A large-scale cybercrime operation has been discovered that is targeting Android TVs, eCos devices, and set-top boxes in order to ensnare the compromised devices in a DDoS botnet.
Named ‘Bigpanzi’ by experts with Chinese cybersecurity firm Qianxin X Laboratory, the cybercriminal gang has been active since 2015. Unlike other botnets spreading via zero-day or N-day vulnerabilities, Bigpanzi delivers malware through pirated movie and TV apps or firmware updates containing a backdoor.
The researchers said they discovered around 170,000 Android TVs infected with unknown malware, mainly located in Brazil, although it might be just the tip of the iceberg. Qianxin believes that Bigpanzi is the same threat actor behind the Pandora botnet first spotted in September 2023.
“Bigpanzi's menace extends beyond the infamous DDoS attacks.
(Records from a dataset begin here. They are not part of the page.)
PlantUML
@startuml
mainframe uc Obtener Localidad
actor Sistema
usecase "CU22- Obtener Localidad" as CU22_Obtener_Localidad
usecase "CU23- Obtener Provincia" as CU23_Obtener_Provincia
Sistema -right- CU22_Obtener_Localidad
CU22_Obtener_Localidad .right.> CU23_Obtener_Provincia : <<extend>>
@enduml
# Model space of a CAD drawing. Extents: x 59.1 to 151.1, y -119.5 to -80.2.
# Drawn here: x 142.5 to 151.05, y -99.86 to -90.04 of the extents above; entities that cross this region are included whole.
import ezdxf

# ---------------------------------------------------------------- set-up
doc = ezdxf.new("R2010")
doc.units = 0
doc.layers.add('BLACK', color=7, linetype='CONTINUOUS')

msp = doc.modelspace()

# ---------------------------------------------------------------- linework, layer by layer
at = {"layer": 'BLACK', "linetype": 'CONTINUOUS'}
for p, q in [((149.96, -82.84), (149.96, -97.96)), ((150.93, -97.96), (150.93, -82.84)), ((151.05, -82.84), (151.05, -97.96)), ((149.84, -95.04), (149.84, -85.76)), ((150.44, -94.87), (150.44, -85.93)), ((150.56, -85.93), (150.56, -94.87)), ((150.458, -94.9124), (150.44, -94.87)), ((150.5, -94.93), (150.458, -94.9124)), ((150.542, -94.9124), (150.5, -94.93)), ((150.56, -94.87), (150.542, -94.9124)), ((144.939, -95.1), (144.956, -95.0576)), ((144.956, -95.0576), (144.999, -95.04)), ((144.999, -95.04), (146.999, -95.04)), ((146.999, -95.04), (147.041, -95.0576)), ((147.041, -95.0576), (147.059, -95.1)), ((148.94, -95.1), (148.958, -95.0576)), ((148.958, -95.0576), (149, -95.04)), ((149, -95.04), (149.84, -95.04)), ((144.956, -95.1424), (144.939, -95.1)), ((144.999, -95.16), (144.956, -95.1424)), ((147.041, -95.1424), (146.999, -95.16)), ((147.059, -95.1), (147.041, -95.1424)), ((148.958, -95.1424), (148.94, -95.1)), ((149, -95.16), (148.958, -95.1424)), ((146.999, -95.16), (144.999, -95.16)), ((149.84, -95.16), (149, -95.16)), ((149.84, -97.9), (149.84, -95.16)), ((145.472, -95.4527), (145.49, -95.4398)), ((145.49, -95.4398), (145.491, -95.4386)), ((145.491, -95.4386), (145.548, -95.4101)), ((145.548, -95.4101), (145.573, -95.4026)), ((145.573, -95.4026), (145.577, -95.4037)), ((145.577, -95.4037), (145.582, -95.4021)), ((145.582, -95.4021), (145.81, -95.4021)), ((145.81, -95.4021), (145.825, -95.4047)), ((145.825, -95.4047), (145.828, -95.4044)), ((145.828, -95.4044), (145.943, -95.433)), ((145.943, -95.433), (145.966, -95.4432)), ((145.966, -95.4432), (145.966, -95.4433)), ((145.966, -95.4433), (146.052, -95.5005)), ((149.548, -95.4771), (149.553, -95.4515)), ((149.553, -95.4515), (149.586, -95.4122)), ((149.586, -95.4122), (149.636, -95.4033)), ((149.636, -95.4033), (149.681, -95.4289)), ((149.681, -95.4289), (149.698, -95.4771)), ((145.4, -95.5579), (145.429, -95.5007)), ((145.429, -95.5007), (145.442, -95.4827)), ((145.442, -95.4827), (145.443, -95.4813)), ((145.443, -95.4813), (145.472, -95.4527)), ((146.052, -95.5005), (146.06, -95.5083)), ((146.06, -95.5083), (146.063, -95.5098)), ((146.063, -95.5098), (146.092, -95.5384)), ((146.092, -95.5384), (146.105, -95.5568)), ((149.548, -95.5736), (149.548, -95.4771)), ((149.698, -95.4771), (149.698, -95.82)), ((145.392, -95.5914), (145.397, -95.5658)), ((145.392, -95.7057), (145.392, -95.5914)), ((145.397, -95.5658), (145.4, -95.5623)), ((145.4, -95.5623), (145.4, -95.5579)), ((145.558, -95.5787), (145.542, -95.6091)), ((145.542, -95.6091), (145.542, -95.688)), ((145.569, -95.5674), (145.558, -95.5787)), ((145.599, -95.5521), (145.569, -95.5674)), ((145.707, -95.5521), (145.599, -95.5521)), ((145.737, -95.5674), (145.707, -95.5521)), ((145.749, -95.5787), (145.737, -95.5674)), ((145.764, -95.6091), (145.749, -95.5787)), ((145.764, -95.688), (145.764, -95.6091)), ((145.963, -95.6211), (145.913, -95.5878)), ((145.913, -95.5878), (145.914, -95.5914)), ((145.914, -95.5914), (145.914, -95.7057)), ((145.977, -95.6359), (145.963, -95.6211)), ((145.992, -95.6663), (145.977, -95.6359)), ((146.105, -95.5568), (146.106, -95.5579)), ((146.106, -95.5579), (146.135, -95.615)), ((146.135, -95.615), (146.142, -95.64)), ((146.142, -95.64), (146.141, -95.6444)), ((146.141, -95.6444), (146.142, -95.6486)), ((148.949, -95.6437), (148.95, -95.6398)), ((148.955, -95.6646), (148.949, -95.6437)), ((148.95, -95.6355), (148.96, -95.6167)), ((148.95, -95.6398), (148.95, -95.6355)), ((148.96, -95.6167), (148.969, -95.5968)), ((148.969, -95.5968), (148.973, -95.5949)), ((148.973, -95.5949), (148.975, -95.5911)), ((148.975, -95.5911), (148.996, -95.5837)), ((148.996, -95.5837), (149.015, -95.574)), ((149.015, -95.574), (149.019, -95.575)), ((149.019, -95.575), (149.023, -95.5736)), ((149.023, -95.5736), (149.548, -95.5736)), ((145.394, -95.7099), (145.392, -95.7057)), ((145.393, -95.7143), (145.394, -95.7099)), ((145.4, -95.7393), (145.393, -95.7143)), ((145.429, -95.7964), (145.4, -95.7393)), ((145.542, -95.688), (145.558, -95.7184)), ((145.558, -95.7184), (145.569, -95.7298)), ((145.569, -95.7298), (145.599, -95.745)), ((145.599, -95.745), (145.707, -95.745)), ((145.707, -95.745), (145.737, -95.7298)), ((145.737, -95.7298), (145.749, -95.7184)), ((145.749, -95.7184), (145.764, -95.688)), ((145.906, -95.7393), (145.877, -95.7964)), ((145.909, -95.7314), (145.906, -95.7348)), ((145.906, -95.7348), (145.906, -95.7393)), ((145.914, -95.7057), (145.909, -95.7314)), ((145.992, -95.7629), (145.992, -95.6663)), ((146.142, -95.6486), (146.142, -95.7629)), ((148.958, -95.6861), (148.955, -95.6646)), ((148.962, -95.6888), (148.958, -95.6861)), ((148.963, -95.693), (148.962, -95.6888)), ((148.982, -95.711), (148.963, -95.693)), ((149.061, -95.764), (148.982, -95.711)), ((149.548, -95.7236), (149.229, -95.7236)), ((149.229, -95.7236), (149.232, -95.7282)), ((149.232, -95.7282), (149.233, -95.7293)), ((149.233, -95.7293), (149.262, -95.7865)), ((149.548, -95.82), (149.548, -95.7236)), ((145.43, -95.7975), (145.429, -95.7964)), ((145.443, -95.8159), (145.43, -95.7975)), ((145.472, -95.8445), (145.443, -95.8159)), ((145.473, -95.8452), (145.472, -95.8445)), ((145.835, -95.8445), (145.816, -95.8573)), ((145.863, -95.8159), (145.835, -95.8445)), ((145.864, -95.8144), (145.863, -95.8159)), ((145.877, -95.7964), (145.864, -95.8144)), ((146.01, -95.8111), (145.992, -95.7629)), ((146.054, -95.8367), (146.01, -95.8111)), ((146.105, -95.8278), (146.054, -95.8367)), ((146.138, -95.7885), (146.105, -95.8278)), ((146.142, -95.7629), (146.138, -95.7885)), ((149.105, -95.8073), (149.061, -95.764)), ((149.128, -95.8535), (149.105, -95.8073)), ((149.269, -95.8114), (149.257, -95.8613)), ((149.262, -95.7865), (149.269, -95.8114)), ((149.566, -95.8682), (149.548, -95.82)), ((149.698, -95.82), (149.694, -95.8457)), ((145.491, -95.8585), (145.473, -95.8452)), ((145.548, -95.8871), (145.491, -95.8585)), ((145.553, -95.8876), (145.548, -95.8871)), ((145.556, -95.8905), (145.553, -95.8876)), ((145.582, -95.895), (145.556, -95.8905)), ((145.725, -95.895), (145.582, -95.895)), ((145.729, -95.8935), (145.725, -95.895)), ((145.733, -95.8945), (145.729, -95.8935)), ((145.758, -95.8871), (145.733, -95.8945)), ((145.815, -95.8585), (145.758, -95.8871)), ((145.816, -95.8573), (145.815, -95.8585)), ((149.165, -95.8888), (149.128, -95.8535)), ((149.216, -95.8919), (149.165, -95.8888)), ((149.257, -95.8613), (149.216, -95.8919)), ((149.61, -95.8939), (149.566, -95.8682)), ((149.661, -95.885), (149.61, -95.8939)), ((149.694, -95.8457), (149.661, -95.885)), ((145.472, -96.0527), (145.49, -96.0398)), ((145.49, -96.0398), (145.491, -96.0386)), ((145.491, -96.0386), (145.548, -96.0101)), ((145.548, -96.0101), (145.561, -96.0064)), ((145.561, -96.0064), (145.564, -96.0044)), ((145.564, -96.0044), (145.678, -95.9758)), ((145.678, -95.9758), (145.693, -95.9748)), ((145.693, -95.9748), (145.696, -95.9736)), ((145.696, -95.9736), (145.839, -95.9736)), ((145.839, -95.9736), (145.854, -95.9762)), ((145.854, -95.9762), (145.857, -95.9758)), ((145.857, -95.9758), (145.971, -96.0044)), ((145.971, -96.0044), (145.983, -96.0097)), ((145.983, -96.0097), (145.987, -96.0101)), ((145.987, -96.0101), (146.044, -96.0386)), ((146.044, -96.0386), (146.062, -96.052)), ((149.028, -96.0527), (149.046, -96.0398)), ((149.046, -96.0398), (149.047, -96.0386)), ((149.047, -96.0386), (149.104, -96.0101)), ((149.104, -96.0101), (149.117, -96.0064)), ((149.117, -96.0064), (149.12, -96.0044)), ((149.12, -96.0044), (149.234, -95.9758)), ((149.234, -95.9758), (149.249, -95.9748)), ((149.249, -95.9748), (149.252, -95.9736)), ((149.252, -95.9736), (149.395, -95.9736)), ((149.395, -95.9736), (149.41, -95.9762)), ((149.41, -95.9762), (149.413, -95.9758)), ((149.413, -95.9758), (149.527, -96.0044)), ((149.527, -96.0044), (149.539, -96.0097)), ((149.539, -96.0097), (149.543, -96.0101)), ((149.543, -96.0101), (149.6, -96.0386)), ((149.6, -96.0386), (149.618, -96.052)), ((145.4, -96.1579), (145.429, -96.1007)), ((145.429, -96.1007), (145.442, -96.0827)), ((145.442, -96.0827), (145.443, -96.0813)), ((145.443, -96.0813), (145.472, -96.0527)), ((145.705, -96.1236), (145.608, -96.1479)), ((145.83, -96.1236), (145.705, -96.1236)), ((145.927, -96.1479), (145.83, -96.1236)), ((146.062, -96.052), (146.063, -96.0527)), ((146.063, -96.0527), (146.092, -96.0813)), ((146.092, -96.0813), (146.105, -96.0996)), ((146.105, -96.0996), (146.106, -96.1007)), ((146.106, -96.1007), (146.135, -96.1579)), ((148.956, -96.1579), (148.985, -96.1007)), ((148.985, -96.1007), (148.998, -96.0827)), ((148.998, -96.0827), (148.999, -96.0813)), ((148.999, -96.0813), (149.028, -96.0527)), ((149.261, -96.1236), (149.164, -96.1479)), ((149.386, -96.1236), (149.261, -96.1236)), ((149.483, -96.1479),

It can misuse controlled Android TVs and set-top boxes to disseminate any form of visual or audio content, unbound by legal constraints,” the report said.
The investigation into the gang began after the researchers spotted a suspicious ELF file on VirusTotal named ’pandoraspear.’ An analysis revealed nine hardcoded command-and-control domain names, two of which the researchers were able to hijack. They observed a peak of 170,000 daily active bots. The group retaliated with DDoS attacks to force the domains offline and manipulated the hosts files of the infected devices, limiting the researchers’ ability to track the gang’s activities.
Bigpanzi is not the first cybercriminal gang to abuse smart TVs and set-top boxes for nefarious purposes. Last year, a vast ad fraud botnet was discovered that involved thousands of cheap Android-based mobile phones, tablets, and TV boxes infected with the Triada backdoor. The goal of the operation dubbed “Peachpit” was to install malicious apps on the infected devices that would display unwanted ads.
In May, Trend Micro shed light on another cybercrime enterprise known as Lemon Group that was using millions of pre-infected Android smartphones worldwide to carry out their malicious operations.